Wednesday, January 28, 2009

Time

I don't honestly know why I picked that title, but it seemed like a good idea at the time. So sometimes I have these moments where I get so scared when I think about the world and my kids growing up. We had an incident that involved Hailey in Elk Ridge that wasn't serious but could have been a bad situation. I was thinking about that and feeling like I let her down, and then I thought about kids being abducted and how you properly prepare your kids for that. Needless to say I laid there in bed and wanted to lock myself in my house and never let my kids go outside again! Finally I prayed so that I would fall asleep, but these fears constantly pop into my head, and it makes me wonder a lot of things. Do I not have enough faith in God? Do I not really believe that He is in everything, and everything that happens was meant to be? I hate when I have those moments, I wish I could believe that if I'm faithful enough nothing like that would ever happen to my kids. I could handle sickness and death, but I don't think I could handle the unknown of abduction. It would drive me crazy!! Anyway, not much for a fun post, so I guess I should turn that around.

Last night I was making cookies for my friends birthday, the girls love to watch me bake (especially when I use the mixer because that means it's something sweet) so they were both on the counter overlooking the bowl. I had just finished mixing and was getting a spatula to scrape around the sides when Katie turned the blender up all the way. All of a sudden there's cookie dough flying everywhere and a loud noise. It took me a couple of seconds to realize what was going on. I had cookie dough up and down my shirt and Katie had a little bit in her hair and on her shirt. It was so funny, I think it scared Katie pretty bad, because I kind of yelled at her because it scared me too. It was funny!!

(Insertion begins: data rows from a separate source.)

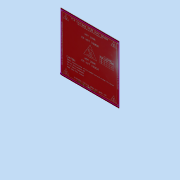
# Autodesk Inventor part: Part1
Saved by Autodesk Inventor 2015 (Build 190159000, 159)
## iProperties
Created: 2016-06-24
Part Number: Part1
Material: Generic
Document SubType Name: Modeling
Designer: Dustin
Density: 1 g/cm^3
Appearance: Default
Author: Dustin
Autodesk Inventor part; units mm, degrees
ref_plane "YZ Plane" through (0, 0, 0) normal (1, 0, 0) x (0, 1, 0)
ref_plane "XZ Plane" through (0, 0, 0) normal (0, 1, 0) x (-1, 0, 0)
ref_plane "XY Plane" through (0, 0, 0) normal (0, 0, 1) x (1, 0, 0)
sketch "Sketch3" plane through (0, 0, 0) normal (0, 0, 1) x (1, 0, 0)
  line L0 (0, 0) -> (214, 0)
  line L1 (214, 0) -> (214, 214)
  line L2 (214, 214) -> (0, 214)
  line L3 (0, 214) -> (0, 0)
  dimension "d2" = 214
  dimension "d3" = 214
  constraints: 8 end point, 2 parallel, 1 horizontal, 1 perpendicular
  measures "d2" distance of L0.start L0.end
  measures "d3" distance of L2.end L0.start
extrude "Extrusion1" add sketch "Sketch3" along normal blind 1.65
sketch "Sketch4" plane through (0, 0, 1.65) normal (0, 0, 1) x (1, 0, 0)
  line L0 (0.5008, 209.7083) -> (213.5162, 209.7083)
  line L1 (213.5162, 209.7083) -> (213.5162, 5.2135)
  line L2 (213.5162, 5.2135) -> (0.5008, 5.2135)
  line L3 (0.5008, 5.2135) -> (0.5008, 209.7083)
  constraints: 1 coincident, 2 other
body "Solid1"
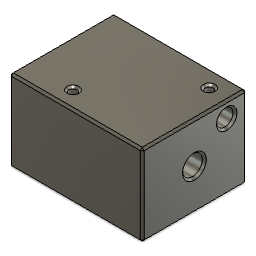
Drill Supports v2 (Autodesk Fusion 360 design; units mm, degrees)
Autodesk Fusion 360 part; units mm, degrees
sketch "Sketch1" plane through (0, 0, 0) normal (0, 1, 0) x (1, 0, 0) in component "WoaS Preamp Box Drilling Block"
  line L0 (33.5, -26.3) -> (-33.5, -26.3)
  line L1 (-33.5, -26.3) -> (-33.5, 26.3)
  line L2 (-33.5, 26.3) -> (33.5, 26.3)
  line L3 (33.5, 26.3) -> (33.5, -26.3)
  line L4 (33.5, -26.3) -> (-33.5, 26.3) construction
  line L5 (-33.5, -26.3) -> (33.5, 26.3) construction
  line L6 (0, 0) -> (-10.05, 0) construction
  line L7 (-10.05, 0) -> (-10.05, -17.7) construction
  line L8 (0, 0) -> (23.45, 0) construction
  line L9 (23.45, 0) -> (23.45, 17.5) construction
  circle A0 centre (23.45, 17.5) radius 2
  circle A1 centre (-10.05, -17.7) radius 2
  dimension "d1" = 67
  dimension "d2" = 52.6
  dimension "d3" = 10.05
  dimension "d4" = 17.7
  dimension "d5" = 23.45
  dimension "d6" = 17.5
  dimension "d7" = 4
  dimension "d8" = 4
  constraint horizontal L0
  constraint perpendicular L0 L1
  constraint parallel L0 L2
  constraint parallel L1 L3
  constraint coincident L4 L6.start
  constraint coincident L5 L6.start
  constraint coincident L6.start L8.start
  constraint horizontal L6
  constraint perpendicular L6 L7
  constraint parallel L6 L8
  constraint perpendicular L8 L9
  constraint coincident L9.end A0.centre
  constraint coincident L7.end A1.centre
  measures "d1" distance of L1.end L2.end
  measures "d2" distance of L0.end L1.end
  measures "d3" distance of L6.start L6.end
  measures "d4" distance of L6.end L7.end
  measures "d5" distance of L6.start L8.end
  measures "d6" distance of L8.end L9.end
  measures "d7" diameter of A0
  measures "d8" diameter of A1
sketch "Sketch2" plane through (0, 0, 0) normal (1, 0, 0) x (0, 0, -1) in component "WoaS Preamp Box Drilling Block"
  line L0 (-26.3, -20.5) -> (26.3, -20.5)
  line L1 (26.3, -20.5) -> (26.3, 20.5)
  line L2 (26.3, 20.5) -> (-26.3, 20.5)
  line L3 (-26.3, 20.5) -> (-26.3, -20.5)
  line L4 (-26.3, -20.5) -> (26.3, 20.5) construction
  line L5 (26.3, -20.5) -> (-26.3, 20.5) construction
  circle A0 centre (0, 0) radius 5
  line L6 (26.3, 20.5) -> (16.2834, 12.6924)
  circle A1 centre (16.2834, 12.6924) radius 4.15
  dimension "d9" = 52.6
  dimension "d10" = 41
  dimension "d11" = 10
  dimension "d12" = 12.7
  dimension "d13" = 8.3
  constraint horizontal L0
  constraint perpendicular L0 L1
  constraint parallel L0 L2
  constraint parallel L1 L3
  constraint coincident L4 A0.centre
  constraint coincident L5 A0.centre
  constraint coincident A0.centre origin
  constraint parallel L4 L6
  constraint coincident L6.end A1.centre
  measures "d9" distance of L1.end L2.end
  measures "d10" distance of L0.end L1.end
  measures "d11" diameter of A0
  measures "d12" distance of L1.end L6.end
  measures "d13" diameter of A1
extrude "Extrude1" add sketch "Sketch1" along normal mid plane 41 in component "WoaS Preamp Box Drilling Block"
extrude "Extrude2" cut sketch "Sketch2" along normal mid plane 67 contours A0 | A1 in component "WoaS Preamp Box Drilling Block"
chamfer "Chamfer1" distance 1 angle 45 6 faces at (-7.3094, 20.5, -9.2654) (-33.5, 0, 19.2) (-11.1667, 6.8333, 26.3) (-7.3094, -20.5, -9.2654) (33.5, 0, 19.2) (-11.1667, -6.8333, -26.3) in component "WoaS Preamp Box Drilling Block"
component "WoaS Preamp Box Drilling Block" placed x (1, 0, 0) y (0, 1, 0) z (0, 0, 1) at (0, 0, 0)
equation "d3 = ( 69.9 / 2 ) * 1 mm - 24.9 mm"
equation "d4 = ( 55 / 2 ) * 1 mm - 9.8 mm"
equation "d5 = ( 69.9 / 2 ) * 1 mm - 11.5 mm"
equation "d6 = ( 55 / 2 ) * 1 mm - 10 mm"
equation "d12 = ( 25.4 / 2 ) * 1 mm"
equation "d14 = ( 41 / 2 ) * 1 mm"
named bodies: "Drill Support"

Then today, I decided to let Hailey do the dishes, for some reason she really likes to. Most the time I tell her no, but I decided if she wants to do them that bad, I'll just help her do them. So I filled the sink with water, cleared the counter off, put an apron on her and let her go at it. We'll see how she does, but if she does a good job and she likes it, this could turn out to be a very good thing!! Here she is in my apron, doesn't she look so cute? My little helper!

1 comment:

Robin said...

That is so cute. Hey Jess I am so worried about the same stuff with my kids. Have you ever heard of "safety kids?" They are great. Just music you let your kids listen to them but it tells them what to do if they're lost, about strangers, etc. They were all reviewed by psychologists who approved them for kids (you know, good to teach, but not scare them by exposing them to ideas they've never heard of) I love them. They even have a pornography one that talks about not letting junk in your body or your brain. I know it sounds advanced for younger kids, but it is really perfect.